Letter from an Unknown Woman (German: Brief einer Unbekannten) was first published in 1922 as part of the collection Amok by Insel Verlag. It is the most famous of Zweig’s novellas and perhaps the purest expression of his lifelong subject: the intensity of feeling in people whose outward lives give no indication of the passions consuming them.
A famous novelist (unnamed, but clearly a Zweig self-portrait: charming, prolific, successful, emotionally shallow) receives a letter on the morning of his forty-first birthday. It is from a woman he does not know — or rather, from a woman he has met repeatedly without recognizing: she was the adolescent girl next door who fell desperately in love with him at thirteen; she was the young woman he seduced years later without connecting her to the child; she was the figure he encountered again still later and took to bed without realizing he had done so before. She bore his child. The child has just died. She is dying herself. She writes to tell him everything — knowing he will not remember.

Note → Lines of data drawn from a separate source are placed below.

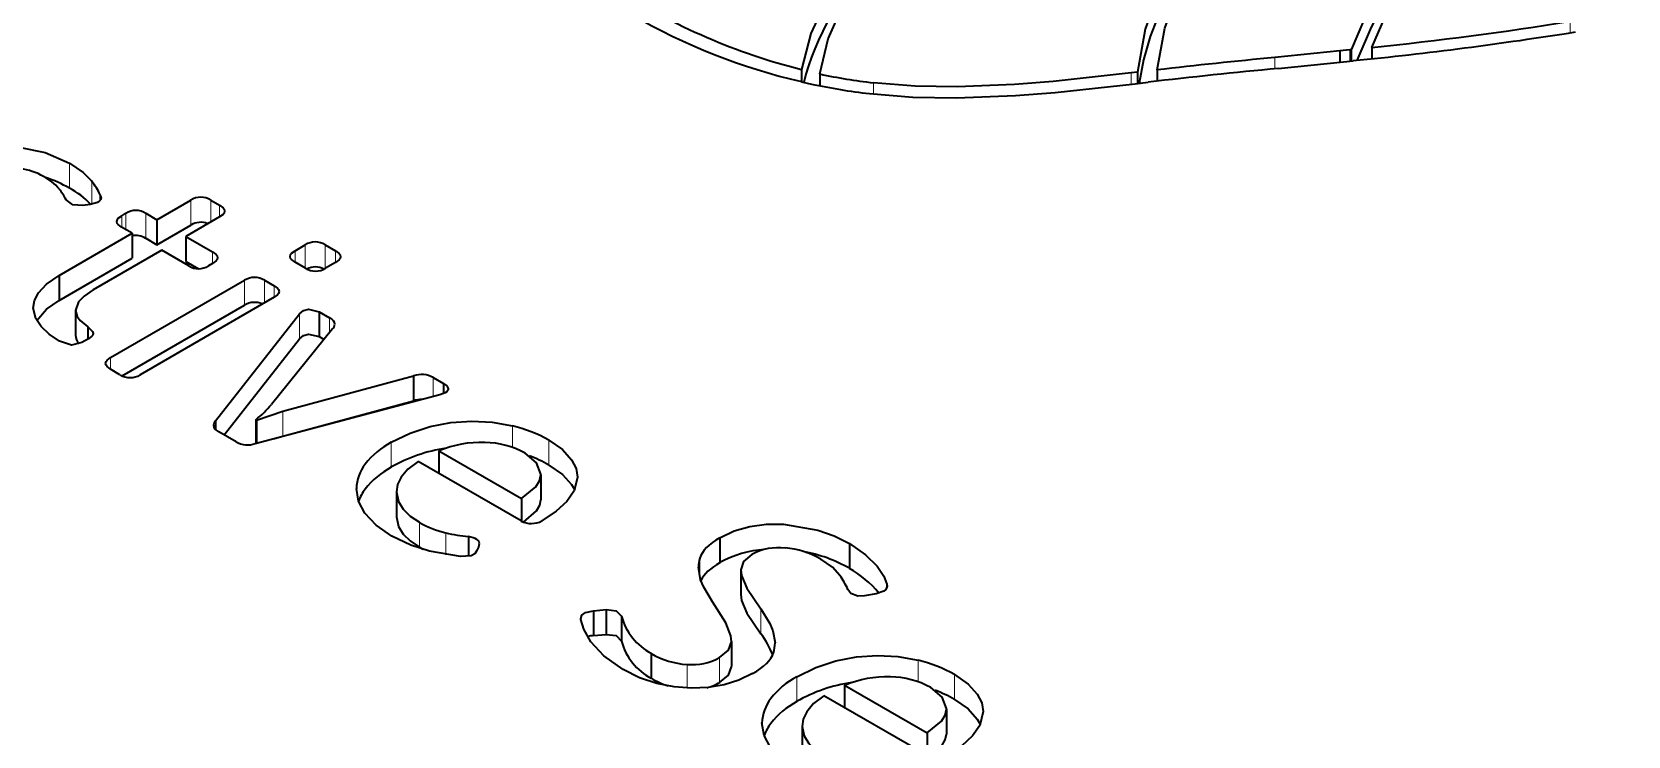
# Model space of a CAD drawing. Extents: x 317 to 941, y 143 to 776.
# Drawn here: x 755.18 to 770.87, y 738.26 to 745.17 of the extents above; entities that cross this region are included whole.
import ezdxf

# ---------------------------------------------------------------- set-up
doc = ezdxf.new("R2010")
doc.units = 0

msp = doc.modelspace()

# ---------------------------------------------------------------- linework, layer by layer
at = {"color": 7, "lineweight": 13, "ltscale": 0.002832}
msp.add_line((770.299, 745.278), (770.299, 745.164), dxfattribs=at)
at = {"color": 7, "lineweight": 35, "ltscale": 0.016081}
msp.add_line((768.036, 744.987), (767.396, 744.922), dxfattribs=at)
at = {"color": 7, "lineweight": 13, "ltscale": 0.002763}
msp.add_line((767.396, 744.922), (767.396, 744.811), dxfattribs=at)
at = {"color": 7, "lineweight": 35, "ltscale": 0.016111}
msp.add_line((767.429, 744.814), (768.07, 744.879), dxfattribs=at)
at = {"color": 7, "lineweight": 35, "ltscale": 0.00243}
msp.add_line((768.133, 744.997), (768.036, 744.987), dxfattribs=at)
at = {"color": 7, "lineweight": 35, "ltscale": 0.002766}
msp.add_line((768.036, 744.987), (768.036, 744.876), dxfattribs=at)
at = {"color": 7, "lineweight": 35, "ltscale": 0.002418}
msp.add_line((768.07, 744.879), (768.166, 744.889), dxfattribs=at)
at = {"color": 7, "lineweight": 35, "ltscale": 0.000351671}
msp.add_line((768.147, 744.998), (768.133, 744.997), dxfattribs=at)
at = {"color": 7, "lineweight": 13, "ltscale": 0.002766}
msp.add_line((768.133, 744.997), (768.133, 744.886), dxfattribs=at)
at = {"color": 7, "lineweight": 35, "ltscale": 0.002769}
msp.add_line((768.147, 744.998), (768.147, 744.887), dxfattribs=at)
at = {"color": 7, "lineweight": 35, "ltscale": 0.002776}
msp.add_line((768.349, 745.02), (768.349, 744.909), dxfattribs=at)
at = {"color": 7, "lineweight": 35, "ltscale": 0.003014}
msp.add_line((762.744, 744.804), (762.744, 744.683), dxfattribs=at)
at = {"color": 7, "lineweight": 35, "ltscale": 0.002899}
msp.add_line((762.924, 744.76), (762.924, 744.644), dxfattribs=at)
at = {"color": 7, "lineweight": 35, "ltscale": 0.001555}
msp.add_line((766.046, 744.778), (765.985, 744.77), dxfattribs=at)
at = {"color": 7, "lineweight": 13, "ltscale": 0.002776}
msp.add_line((765.985, 744.77), (765.985, 744.659), dxfattribs=at)
at = {"color": 7, "lineweight": 35, "ltscale": 0.002771}
msp.add_line((766.046, 744.778), (766.046, 744.667), dxfattribs=at)
at = {"color": 7, "lineweight": 35, "ltscale": 0.002748}
msp.add_line((766.239, 744.8), (766.239, 744.69), dxfattribs=at)
at = {"color": 7, "lineweight": 35, "ltscale": 0.002519}
msp.add_line((762.742, 744.684), (762.841, 744.661), dxfattribs=at)
at = {"color": 7, "lineweight": 13, "ltscale": 0.002754}
msp.add_line((763.45, 744.673), (763.45, 744.563), dxfattribs=at)
at = {"color": 7, "lineweight": 35, "ltscale": 0.003247}
msp.add_line((766.022, 744.664), (766.151, 744.679), dxfattribs=at)
at = {"color": 7, "lineweight": 13, "ltscale": 0.006125}
for p, q in [((755.548, 743.883), (755.548, 743.638)), ((758.709, 741.142), (758.709, 740.897))]:
    msp.add_line(p, q, dxfattribs=at)
at = {"color": 7, "lineweight": 13, "ltscale": 0.00565}
msp.add_line((755.768, 743.708), (755.768, 743.482), dxfattribs=at)
at = {"color": 7, "lineweight": 35, "ltscale": 0.001816}
msp.add_line((755.752, 743.479), (755.68, 743.468), dxfattribs=at)
at = {"color": 7, "lineweight": 35, "ltscale": 0.001353}
msp.add_line((755.851, 743.574), (755.851, 743.52), dxfattribs=at)
at = {"color": 7, "lineweight": 35, "ltscale": 0.009592}
for p, q in [((756.407, 743.328), (756.74, 743.52)), ((757.024, 743.356), (756.692, 743.164)), ((756.407, 743.083), (756.74, 743.275))]:
    msp.add_line(p, q, dxfattribs=at)
at = {"color": 7, "lineweight": 13, "ltscale": 0.006123}
for p, q in [((756.74, 743.52), (756.74, 743.275)), ((756.299, 743.391), (756.299, 743.146)), ((757.269, 742.734), (757.269, 742.489)), ((757.811, 742.404), (757.811, 742.159)), ((757.646, 741.448), (757.646, 741.203)), ((760.26, 741.163), (760.26, 740.918)), ((758.988, 740.356), (758.988, 740.111)), ((762.146, 739.891), (762.146, 739.646)), ((762.345, 739.505), (762.345, 739.26)), ((762.056, 739.182), (762.056, 738.937)), ((761.939, 739.029), (761.939, 738.784)), ((762.696, 738.84), (762.696, 738.595)), ((764.247, 738.861), (764.247, 738.616))]:
    msp.add_line(p, q, dxfattribs=at)
at = {"color": 7, "lineweight": 35, "ltscale": 0.002511}
msp.add_line((756.937, 743.52), (757.024, 743.47), dxfattribs=at)
at = {"color": 7, "lineweight": 13, "ltscale": 0.005359}
msp.add_line((756.937, 743.52), (756.937, 743.306), dxfattribs=at)
at = {"color": 7, "lineweight": 13, "ltscale": 0.002849}
for p, q in [((757.024, 743.47), (757.024, 743.356)), ((757.56, 742.68), (757.56, 742.566))]:
    msp.add_line(p, q, dxfattribs=at)
at = {"color": 7, "lineweight": 35, "ltscale": 0.001126}
msp.add_line((756.063, 743.368), (756.102, 743.391), dxfattribs=at)
at = {"color": 7, "lineweight": 13, "ltscale": 0.002847}
for p, q in [((756.063, 743.368), (756.063, 743.254)), ((757.766, 743.024), (757.766, 742.91))]:
    msp.add_line(p, q, dxfattribs=at)
at = {"color": 7, "lineweight": 13, "ltscale": 0.003973}
msp.add_line((756.102, 743.391), (756.102, 743.232), dxfattribs=at)
at = {"color": 7, "lineweight": 35, "ltscale": 0.003115}
for p, q in [((756.299, 743.391), (756.407, 743.328)), ((756.299, 743.146), (756.407, 743.083))]:
    msp.add_line(p, q, dxfattribs=at)
at = {"color": 7, "lineweight": 35, "ltscale": 0.006123}
for p, q in [((756.407, 743.328), (756.407, 743.083)), ((756.692, 743.164), (756.692, 742.919)), ((755.608, 742.437), (755.608, 742.192)), ((758.931, 741.795), (758.931, 741.55)), ((761.942, 740.205), (761.942, 739.96)), ((763.214, 740.148), (763.214, 739.903)), ((762.146, 739.893), (762.146, 739.648)), ((760.823, 739.5), (760.823, 739.255)), ((760.975, 739.433), (760.975, 739.188)), ((762.056, 739.185), (762.056, 738.94)), ((761.266, 739.068), (761.266, 738.823)), ((764.168, 738.521), (764.168, 738.276))]:
    msp.add_line(p, q, dxfattribs=at)
at = {"color": 7, "lineweight": 35, "ltscale": 0.020745}
for p, q in [((755.446, 742.781), (756.165, 743.195)), ((755.446, 742.536), (756.165, 742.95))]:
    msp.add_line(p, q, dxfattribs=at)
at = {"color": 7, "lineweight": 35, "ltscale": 0.003024}
for p, q in [((756.165, 743.195), (756.06, 743.256)), ((755.728, 742.276), (755.728, 742.155))]:
    msp.add_line(p, q, dxfattribs=at)
at = {"color": 7, "lineweight": 35, "ltscale": 0.006125}
for p, q in [((756.165, 743.195), (756.165, 742.95)), ((755.446, 742.781), (755.446, 742.536)), ((758.003, 742.425), (758.003, 742.18)), ((760.181, 740.823), (760.181, 740.578)), ((758.763, 740.654), (758.763, 740.409)), ((760.7, 739.488), (760.7, 739.243)), ((762.75, 738.352), (762.75, 738.107))]:
    msp.add_line(p, q, dxfattribs=at)
at = {"color": 7, "lineweight": 35, "ltscale": 0.007601}
msp.add_line((756.692, 743.164), (756.955, 743.012), dxfattribs=at)
at = {"color": 7, "lineweight": 35, "ltscale": 0.019445}
msp.add_line((756.455, 743.028), (755.782, 742.639), dxfattribs=at)
at = {"color": 7, "lineweight": 35, "ltscale": 0.007694}
msp.add_line((756.722, 742.874), (756.455, 743.028), dxfattribs=at)
at = {"color": 7, "lineweight": 13, "ltscale": 0.002855}
for p, q in [((756.955, 743.012), (756.955, 742.898)), ((755.952, 741.974), (755.952, 741.859))]:
    msp.add_line(p, q, dxfattribs=at)
at = {"color": 7, "lineweight": 35, "ltscale": 0.002855}
msp.add_line((757.766, 743.024), (757.865, 743.081), dxfattribs=at)
at = {"color": 7, "lineweight": 13, "ltscale": 0.005704}
msp.add_line((757.865, 743.081), (757.865, 742.853), dxfattribs=at)
at = {"color": 7, "lineweight": 35, "ltscale": 0.00294}
msp.add_line((758.062, 743.081), (758.164, 743.023), dxfattribs=at)
at = {"color": 7, "lineweight": 13, "ltscale": 0.005795}
msp.add_line((758.062, 743.081), (758.062, 742.85), dxfattribs=at)
at = {"color": 7, "lineweight": 13, "ltscale": 0.002856}
msp.add_line((758.164, 743.023), (758.164, 742.908), dxfattribs=at)
at = {"color": 7, "lineweight": 35, "ltscale": 0.003628}
msp.add_line((756.692, 742.919), (756.817, 742.847), dxfattribs=at)
at = {"color": 7, "lineweight": 35, "ltscale": 0.001124}
msp.add_line((756.955, 742.898), (756.916, 742.876), dxfattribs=at)
at = {"color": 7, "lineweight": 35, "ltscale": 0.002939}
msp.add_line((757.868, 742.852), (757.766, 742.91), dxfattribs=at)
at = {"color": 7, "lineweight": 35, "ltscale": 0.002856}
msp.add_line((758.164, 742.909), (758.065, 742.851), dxfattribs=at)
at = {"color": 7, "lineweight": 35, "ltscale": 0.038017}
msp.add_line((755.952, 741.974), (757.269, 742.734), dxfattribs=at)
at = {"color": 7, "lineweight": 35, "ltscale": 0.002678}
msp.add_line((757.467, 742.734), (757.56, 742.68), dxfattribs=at)
at = {"color": 7, "lineweight": 13, "ltscale": 0.005527}
msp.add_line((757.467, 742.734), (757.467, 742.513), dxfattribs=at)
at = {"color": 7, "lineweight": 35, "ltscale": 0.038016}
msp.add_line((757.56, 742.566), (756.243, 741.806), dxfattribs=at)
at = {"color": 7, "lineweight": 35, "ltscale": 0.034714}
msp.add_line((756.067, 741.795), (757.269, 742.489), dxfattribs=at)
at = {"color": 7, "lineweight": 35, "ltscale": 0.033421}
msp.add_line((756.985, 741.353), (757.811, 742.404), dxfattribs=at)
at = {"color": 7, "lineweight": 35, "ltscale": 0.002941}
msp.add_line((758.003, 742.425), (758.105, 742.366), dxfattribs=at)
at = {"color": 7, "lineweight": 13, "ltscale": 0.003679}
msp.add_line((758.105, 742.366), (758.105, 742.219), dxfattribs=at)
at = {"color": 7, "lineweight": 35, "ltscale": 0.023873}
msp.add_line((758.134, 742.255), (757.533, 741.514), dxfattribs=at)
at = {"color": 7, "lineweight": 35, "ltscale": 0.001814}
msp.add_line((755.734, 742.158), (755.671, 742.122), dxfattribs=at)
at = {"color": 7, "lineweight": 35, "ltscale": 0.030026}
msp.add_line((757.069, 741.215), (757.811, 742.159), dxfattribs=at)
at = {"color": 7, "lineweight": 35, "ltscale": 0.001381}
msp.add_line((758.003, 742.18), (758.051, 742.152), dxfattribs=at)
at = {"color": 7, "lineweight": 35, "ltscale": 0.00268}
msp.add_line((756.045, 741.806), (755.952, 741.859), dxfattribs=at)
at = {"color": 7, "lineweight": 35, "ltscale": 0.033262}
for p, q in [((757.646, 741.448), (758.931, 741.795)), ((757.646, 741.203), (758.931, 741.55))]:
    msp.add_line(p, q, dxfattribs=at)
at = {"color": 7, "lineweight": 35, "ltscale": 0.002932}
msp.add_line((759.122, 741.778), (759.224, 741.719), dxfattribs=at)
at = {"color": 7, "lineweight": 13, "ltscale": 0.004669}
msp.add_line((759.122, 741.778), (759.122, 741.591), dxfattribs=at)
at = {"color": 7, "lineweight": 35, "ltscale": 0.046918}
msp.add_line((759.188, 741.609), (757.374, 741.128), dxfattribs=at)
at = {"color": 7, "lineweight": 35, "ltscale": 0.002495}
msp.add_line((759.224, 741.719), (759.224, 741.62), dxfattribs=at)
at = {"color": 7, "lineweight": 35, "ltscale": 0.006872}
msp.add_line((757.386, 741.36), (757.646, 741.448), dxfattribs=at)
at = {"color": 7, "lineweight": 35, "ltscale": 0.002109}
msp.add_line((756.985, 741.353), (756.985, 741.269), dxfattribs=at)
at = {"color": 7, "lineweight": 35, "ltscale": 0.000175635}
msp.add_line((757.38, 741.363), (757.386, 741.36), dxfattribs=at)
at = {"color": 7, "lineweight": 35, "ltscale": 0.00584}
msp.add_line((757.38, 741.363), (757.38, 741.13), dxfattribs=at)
at = {"color": 7, "lineweight": 35, "ltscale": 0.005713}
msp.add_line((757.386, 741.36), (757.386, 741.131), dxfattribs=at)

The novella’s devastating power lies in the asymmetry: the woman’s life has been entirely organized around this man (every decision, every sacrifice, every joy and deprivation defined by her love for him), while for him she has been — at most — a pleasant evening, immediately forgotten. Zweig refuses to moralize: the novelist is not cruel, merely oblivious. His crime is not malice but the automatic narcissism of a man for whom women are interchangeable pleasures rather than individual consciousnesses.
Max Ophüls’s 1948 film adaptation (starring Joan Fontaine) is considered one of the finest literary adaptations in cinema. A Chinese adaptation by Xu Jinglei (2004) won the San Sebastián International Film Festival’s Golden Shell.
Collecting Letter from an Unknown Woman
First appearance in Amok (Insel Verlag, Leipzig, 1922): Cloth binding.
First English translation in Amok (Viking Press, New York, 1931): Cloth binding, dust jacket.
Market values:
- Insel Verlag first German edition of Amok (1922): $100–$300
- Viking first English edition (1931) in dust jacket: $50–$150
- Pushkin Press standalone edition (modern): $8–$15
Zweig’s most frequently adapted work. Its emotional directness makes it accessible to readers who find his longer works overly elaborate.